Your instructions:
I would like every line of the records below that contains the word "board" copied.

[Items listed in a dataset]
• • •
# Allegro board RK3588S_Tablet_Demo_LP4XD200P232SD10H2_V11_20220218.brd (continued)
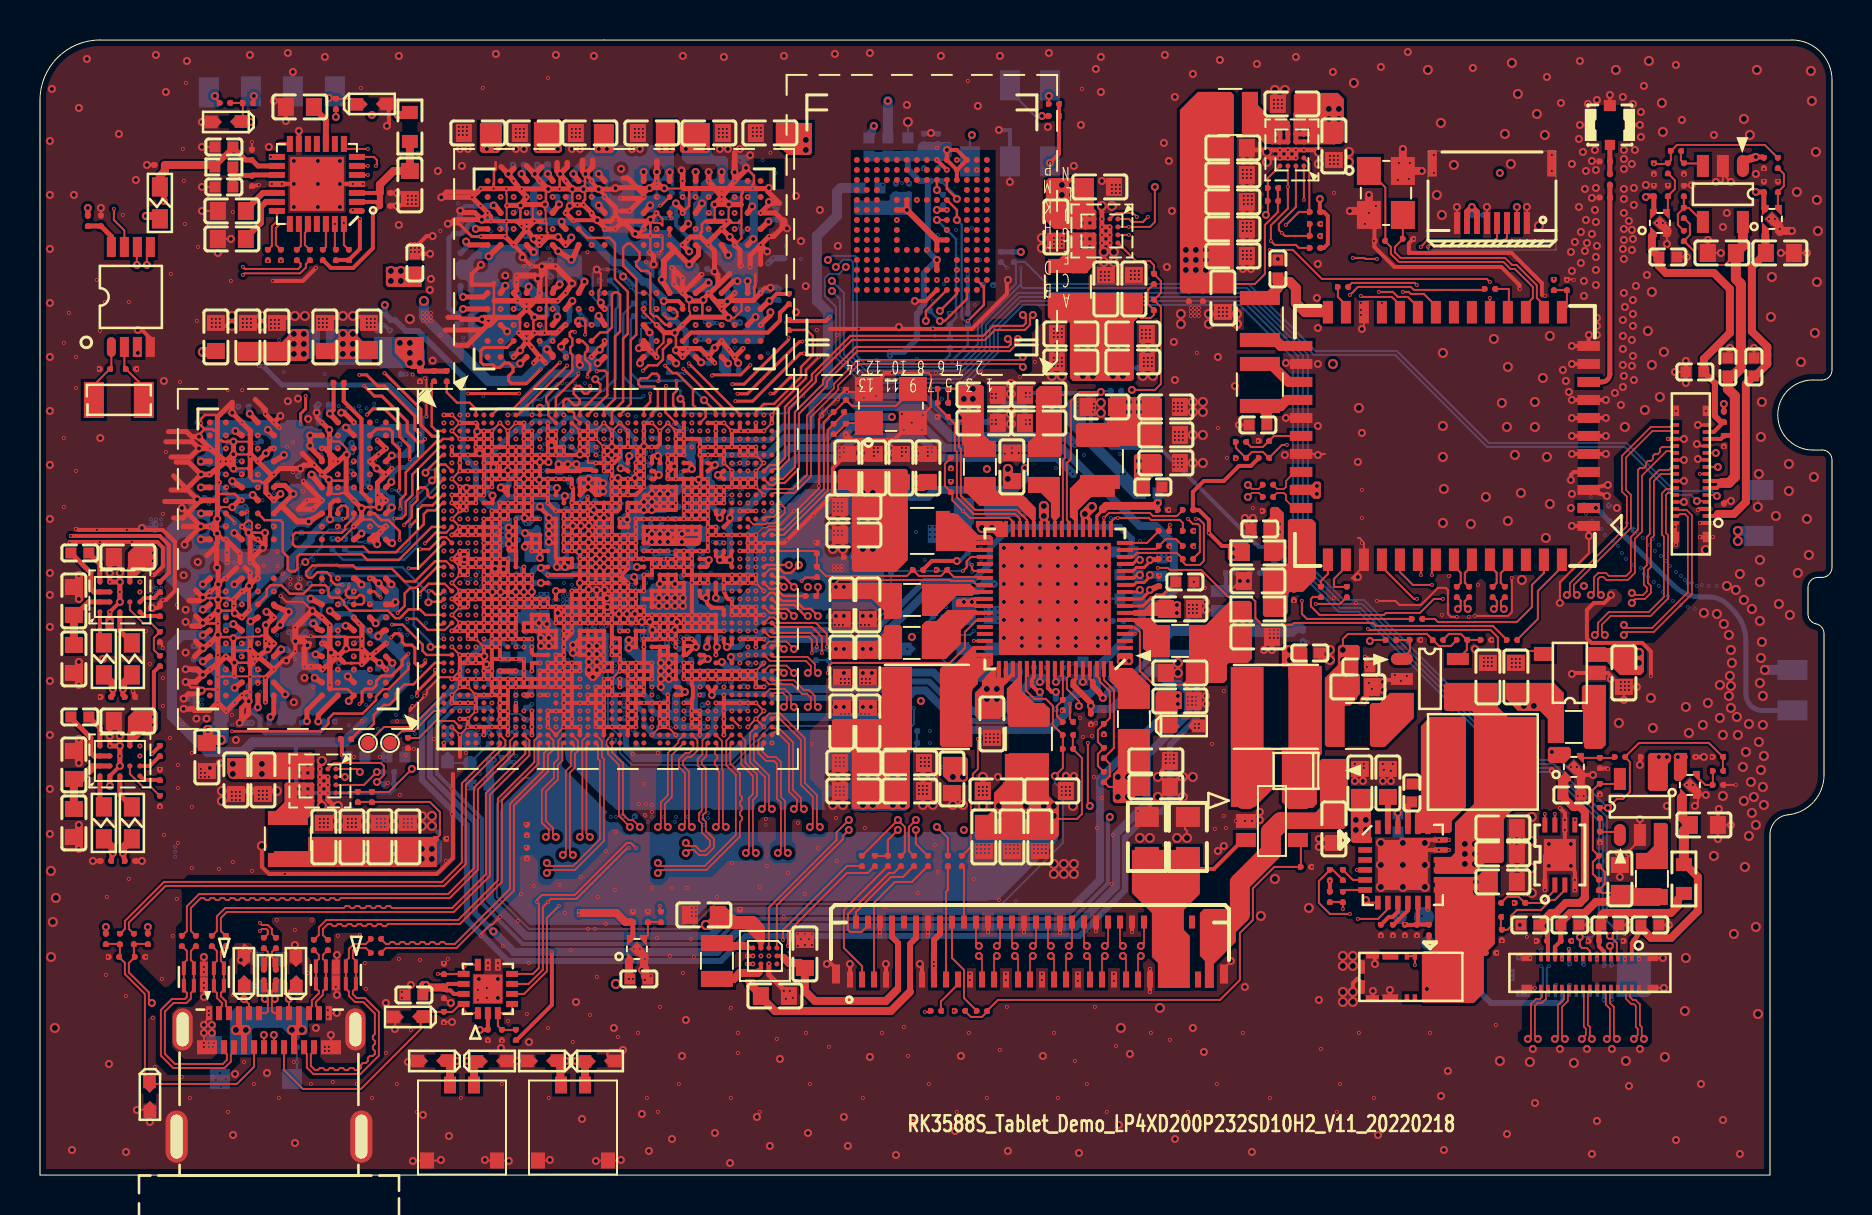
[diagram p0: board, top side]
## Placement (name value [footprint] x y rotation side) (continued)
C2511  4.7uF  [C0402]  67.89 17.6 270 bottom
C2600  100nF  [C0201]  4.69 11.8 270 top
C2601  100nF  [C0201]  3.99 11.8 270 top
C2603  100nF  [C0201]  9.29 11.7 270 top
C2604  100nF  [C0201]  8.59 11.7 270 top
C2605  100nF  [C0201]  16.79 11.1 180 top
C2606  100nF  [C0201]  16.79 11.8 180 top
C2612  220pF  [C0201]  20.19 10.3 90 top
C2613  220pF  [C0201]  20.19 7.9 270 top
C2614  1uF  [C0402]  18.69 9 180 top
C2615  100nF  [C0201]  20.19 9.1 270 top
C2616  100nF  [C0201]  23.09 7 270 top
C2617  10nF  [C0201]  22.39 7 90 top
C3807  22uF  [C0603]  8.34 20.9 270 top
C3808  10uF  [C0603]  14.24 41.9 90 top
C3809  10uF  [C0603]  16.44 41.9 90 top
C3810  1uF  [C0201]  13.94 37.35 90 bottom
C3811  1uF  [C0201]  17.98 36.27 90 bottom
C3812  100nF  [C0201]  14.96 25.34 90 bottom
C3813  100nF  [C0201]  9.41 36.9 270 bottom
C3814  100nF  [C0201]  7.69 25.52 270 bottom
C3815  100nF  [C0201]  8.46 35.29 270 bottom
C3816  100nF  [C0201]  10.13 34.97 90 bottom
C3817  100nF  [C0201]  11.5 25.88 180 bottom
C3818  100nF  [C0201]  14.02 25.64 0 bottom
C3819  100nF  [C0201]  17.16 25.32 180 bottom
C3820  100nF  [C0201]  9.29 27.73 90 bottom
C3821  100nF  [C0201]  15.31 36.59 0 bottom
C3822  100nF  [C0201]  11.04 36.95 270 bottom
C3823  100nF  [C0201]  14.9 27.2 270 bottom
C3824  100nF  [C0201]  14.04 36.24 270 bottom
C3825  100nF  [C0201]  15.84 35.17 180 bottom
C3826  10uF  [C0603]  11.84 41.9 90 top
C3827  10uF  [C0603]  10.39 41.9 90 top
C3828  1uF  [C0201]  17.19 29.03 180 bottom
C3829  1uF  [C0201]  14.19 38.52 180 bottom
C3830  100nF  [C0201]  16.53 31.92 270 bottom
C3831  100nF  [C0201]  12.46 27.4 270 bottom
C3832  100nF  [C0201]  13.27 27.4 270 bottom
C3833  100nF  [C0201]  10.58 22.88 270 bottom
C3834  100nF  [C0201]  17.34 33.75 180 bottom
C3835  100nF  [C0201]  14.47 22.68 0 bottom
C3836  100nF  [C0201]  7.54 33.3 90 bottom
C3837  100nF  [C0201]  12.89 34.69 90 bottom
C3838  100nF  [C0201]  13.07 32.38 270 bottom
C3839  100nF  [C0201]  15.64 29.2 270 bottom
C3840  100nF  [C0201]  10.18 38.42 180 bottom
C3841  10uF  [C0603]  8.79 41.9 90 top
C3842  100nF  [C0201]  15.03 28.31 90 bottom
C3843  100nF  [C0201]  18.02 26.74 90 bottom
C3844  100nF  [C0201]  7.69 26.71 270 bottom
C3845  100nF  [C0201]  10.25 33.67 270 bottom
C3846  100nF  [C0201]  10.25 27.12 180 bottom
C3847  100nF  [C0201]  15 33.04 90 bottom
C3848  100nF  [C0201]  17.35 35.04 180 bottom
C3849  22uF  [C0603]  21.89 52.1 180 top
C3850  10uF  [C0603]  24.69 52.1 180 top
C3851  10uF  [C0603]  33.44 52.1 0 top
C3852  1uF  [C0201]  35.35 47.16 180 bottom
C3853  1uF  [C0201]  35.76 44.16 0 bottom
C3854  100nF  [C0201]  23.59 40.78 90 bottom
C3855  100nF  [C0201]  23.92 44.36 270 bottom
C3856  100nF  [C0201]  23.92 43.09 90 bottom
C3857  100nF  [C0201]  35.3 48.78 180 bottom
C3858  100nF  [C0201]  34.64 44.16 180 bottom
C3859  100nF  [C0201]  26.13 48.91 0 bottom
C3860  100nF  [C0201]  33.58 42.33 90 bottom
C3861  100nF  [C0201]  25.6 43.3 180 bottom
C3862  100nF  [C0201]  34.67 40.22 0 bottom
C3863  100nF  [C0201]  24.28 46.7 90 bottom
C3864  100nF  [C0201]  22.04 48.45 180 bottom
C3865  100nF  [C0201]  23.92 50.51 180 bottom
C3866  100nF  [C0201]  33.37 48.07 0 bottom
C3867  100nF  [C0201]  35 42.89 270 bottom
C3868  10uF  [C0603]  30.59 52.1 180 top
C3869  10uF  [C0603]  27.49 52.1 180 top
C3870  1uF  [C0201]  27.43 41.01 90 bottom
C3871  1uF  [C0201]  27.61 42.56 180 bottom
C3872  100nF  [C0201]  30.32 41.67 180 bottom
C3873  100nF  [C0201]  25.8 44.92 180 bottom
C3874  100nF  [C0201]  33.09 45.3 0 bottom
C3875  100nF  [C0201]  21.28 47.61 180 bottom
C3876  100nF  [C0201]  25.8 45.73 180 bottom
C3877  100nF  [C0201]  36.83 48.02 90 bottom
C3878  100nF  [C0201]  20.84 42.8 270 bottom
C3879  100nF  [C0201]  30.78 45.13 180 bottom
C3880  100nF  [C0201]  31.44 40.4 270 bottom
C3881  100nF  [C0201]  36.93 44.01 90 bottom
C3882  100nF  [C0201]  7.74 28 270 bottom
C3883  10uF  [C0603]  36.49 52.1 180 top
C3884  100nF  [C0201]  32.1 47.94 180 bottom
C3885  100nF  [C0201]  31.44 43.19 0 bottom
C3886  100nF  [C0201]  33.44 40.85 90 bottom
C3887  100nF  [C0201]  26.72 43.17 0 bottom
C3888  100nF  [C0201]  25.52 47.94 90 bottom
C3889  100nF  [C0201]  25.12 50.51 180 bottom
C3890  100nF  [C0201]  25.05 41.82 90 bottom
C3898  1nF  [C0201]  31.84 49.1 180 bottom
C3899  1nF  [C0201]  8.5 33.85 180 bottom
C4000  100nF  [C0201]  44.89 50.6 270 bottom
C4001  100nF  [C0201]  44.89 51.8 90 bottom
C4002  100nF  [C0201]  44.19 51.8 90 bottom
C4003  100nF  [C0201]  44.19 50.6 270 bottom
C4004  4.7uF  [C0402]  43.39 51.4 90 bottom
C4005  100nF  [C0201]  42.79 49.3 90 bottom
C4006  100nF  [C0201]  43.44 49.3 90 bottom
C4007  4.7uF  [C0402]  41.99 48.9 90 bottom
C4008  2.2uF  [C0201]  47.39 44.5 0 bottom
C4600  10uF  [C0603]  84.09 46.1 180 top
C4601  100nF  [C0201]  84.19 36.7 270 top
C4602  4.7uF  [C0402]  82.74 40.15 180 top
C4603  100nF  [C0201]  84.19 37.9 90 top
C4604  10uF  [C0603]  86.99 46.1 0 top
C4605  100nF  [C0201]  84.19 33.3 90 top
C4618  1uF  [C0201]  86.19 49.4 90 top
C4619  4.7uF  [C0402]  85.69 40.4 90 top
C4620  1uF  [C0201]  80.69 49.2 90 top
C4623  4.7uF  [C0402]  81.39 45.9 0 top
C4626  100nF  [C0201]  86.89 49.4 90 top
C4627  100nF  [C0201]  81.39 49.2 90 top
C4628  1uF  [C0201]  86.19 50.6 270 top
C4629  22pF  [C0201]  82.19 46.95 90 top
C4630  4.7uF  [C0402]  84.39 40.4 90 top
C4631  100nF  [C0201]  82.19 50.33 270 top
C4700  10uF  [C0603]  78.99 14.8 90 top
C4701  100nF  [C0201]  76.29 11.7 0 top
C4702  4.7uF  [C0402]  74.49 12.5 180 top
C4703  100nF  [C0201]  75.09 11.7 180 top
C4704  10uF  [C0603]  83.19 17.5 0 top
C4705  100nF  [C0201]  79.44 11.7 180 top
C4706  4.7uF  [C0402]  78.49 12.5 0 top
C4707  100nF  [C0201]  77.69 11.7 180 top
C4716  1uF  [C0201]  75.59 20.5 270 top
C4719  4.7uF  [C0402]  76.59 19 0 top
C4720  1uF  [C0201]  80.29 20.9 180 top
C4721  22pF  [C0201]  77.94 15.7 90 top
C4722  4.7uF  [C0402]  76.49 12.5 0 top
C4724  100nF  [C0201]  77.99 20.6 270 top
C4725  100nF  [C0201]  77.99 16.9 270 top
C4727  1uF  [C0201]  82.49 20.9 0 top
C4729  4.7uF  [C0402]  80.49 12.5 0 top
C4731  100nF  [C0201]  83.89 19.5 0 top
C5500  10uF  [C0603]  33.19 13 180 top
C5501  100nF  [C0201]  34.99 13 90 top
C5607  10uF  [C0603]  64.69 17.3 270 top
C5609  4.7uF  [C0402]  63.49 26.1 0 top
C6230  100nF  [C0201]  76.34 44.5 90 top
C6240  100nF  [C0201]  73.24 29.15 270 top
C6241  100nF  [C0201]  72.63 29.15 270 top
C6300  DNP  [C0201]  78.24 50.68 180 top
C6301  DNP  [C0201]  79.49 32.05 45 bottom
C6303  10pF  [C0201]  78.49 49.78 270 top
C6304  10pF  [C0201]  78.68 32.48 135 bottom
C6306  DNP  [C0201]  78.24 48.88 180 top
C6307  DNP  [C0201]  78.26 33.29 45 bottom
C6311  100nF  [C0201]  71.45 29.15 270 top
C6312  100nF  [C0201]  70.84 29.15 270 top
C6313  4.7uF  [C0402]  61.89 45.3 90 top
C6314  22pF  [C0201]  68.39 46.8 0 top
C6315  22pF  [C0201]  66.99 46.7 180 top
C6316  100nF  [C0201]  62.69 29 270 top
C6317  22uF  [C0603]  60.89 29.7 180 top
C6318  100nF  [C0201]  61.39 33.2 180 top
C6319  4.7uF  [C0402]  60.99 32.3 180 top
C6320  4.7uF  [C0402]  60.89 37.5 180 top
C6321  100pF  [C0201]  61.39 33.9 180 top
C6322  100pF  [C0201]  61.39 34.51 180 top
C6323  DNP  [C0201]  61.19 36.7 180 top
C7000  100nF  [C0201]  17.24 48.45 0 top
C7001  100nF  [C0201]  17.24 49.1 0 top
C7002  100nF  [C0201]  10.59 51 90 top
C7003  100nF  [C0201]  10.59 49.7 270 top
C7004  4.7uF  [C0402]  9.19 49.4 180 top
C7006  10uF  [C0603]  18.49 49.5 270 top
C7009  1uF  [C0201]  13.49 46 270 top
C7010  1uF  [C0201]  12.84 46 270 top
C7011  1uF  [C0201]  12.04 46 270 top
C7012  1uF  [C0201]  11.39 46 270 top
C7013  10uF  [C0603]  9.59 46.8 180 top
C7014  10uF  [C0603]  9.59 48.2 180 top
C7015  10uF  [C0603]  12.99 53.4 180 top
C7016  4.7uF  [C0402]  9.19 51.4 180 top
C7017  100nF  [C0201]  5.99 50.5 180 top
C7022  4.7uF  [C0402]  71.89 9.7 90 bottom
C7029  100nF  [C0201]  5.99 21.2 270 top
C7031  100nF  [C0201]  5.99 20 270 top
C7034  22uF  [C0603]  4.39 22.7 180 top
C7035  100pF  [C0201]  3.29 15.7 180 top
C7036  100pF  [C0201]  4.49 15.7 0 top
C9612  10uF  [C0603]  38.24 11.05 90 top
C9613  10uF  [C0603]  36.74 8.95 0 top
C9615  10uF  [C0603]  79.19 25.1 270 top
C9616  10uF  [C0603]  73.79 24.9 90 top
C9617  4.7uF  [C0402]  1.99 22.9 0 top
C9618  10uF  [C0603]  1.69 20.5 90 top
C9619  10uF  [C0603]  1.69 17.6 270 top
C9620  4.7uF  [C0402]  1.99 31.1 0 top
C9621  22uF  [C0603]  4.39 30.9 180 top
C9622  10uF  [C0603]  1.69 28.7 90 top
C9623  10uF  [C0603]  1.69 25.8 270 top
C9624  100nF  [C0201]  5.99 29.4 270 top
C9625  100nF  [C0201]  5.99 28.2 270 top
C9626  100pF  [C0201]  3.29 23.9 180 top
C9627  100pF  [C0201]  4.49 23.9 0 top
C9628  1uF  [C0201]  29.64 12.9 90 top
C9629  4.7uF  [C0402]  29.94 9.8 0 top
C9630  100nF  [C0201]  30.39 12.9 90 top
C9633  10nF  [C0201]  71.89 48 180 bottom
C9634  10pF  [C0201]  45.14 48.75 90 bottom
C9922  1uF  [C0201]  38.8 26 270 bottom
C9923  10uF  [C0603]  9.39 6.5 180 bottom
D2600  BZT52C3V0  [SOD_123]  10.79 4.8 0 bottom
D2601  ESD5341N  [ESD0402]  5.49 3.9 270 top
D2602  ESD5341N  [ESD0402]  12.79 10.2 90 top
D2603  ESD5341N  [ESD0402]  10.19 10.2 90 top
D2604  ESD5341N  [ESD0402]  18.39 7.9 180 top
D2605  ESD5341N  [ESD0402]  12.09 10.1 90 bottom
D2606  ESD5341N  [ESD0402]  10.89 10.1 90 bottom
D5600  B5819W  [SOD_123]  62.79 20.2 0 top
D9200  ESD5451N  [ESD0402]  9.29 52.65 180 top
D9202  ESD5451N  [ESD0402]  16.59 53.55 0 top
D9203  ESD5341N  [ESD0402]  20.39 21.4 90 bottom
ED2200  AZ5825-01F  [ESD0402]  57.19 22.45 0 top
ED7006  ESD54031  [ESD0402]  22.6 5.7 0 top
ED7007  ESD54031  [ESD0402]  19.6 5.7 180 top
ED7010  ESD54031  [ESD0402]  28 5.7 0 top
ED7011  ESD54031  [ESD0402]  25.1 5.7 180 top
ED9300  ESD5341N  [ESD0402]  43.99 26.3 180 bottom
ED9301  ESD5341N  [ESD0402]  46.89 26.3 0 bottom
FB2300  120R-100MHz  [L0603]  46.99 33.45 180 bottom
FB7000  600R-100M  [L0603]  5.99 48.6 90 top
FB7002  600R-100M  [L0603]  4.59 17.6 270 top
FB7003  600R-100M  [L0603]  3.19 17.6 270 top
FB7006  600R-100M  [L0603]  4.59 25.8 270 top
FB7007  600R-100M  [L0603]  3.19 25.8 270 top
• • •
Answer to the problem:
# Allegro board RK3588S_Tablet_Demo_LP4XD200P232SD10H2_V11_20220218.brd (continued)
[diagram p0: board, top side]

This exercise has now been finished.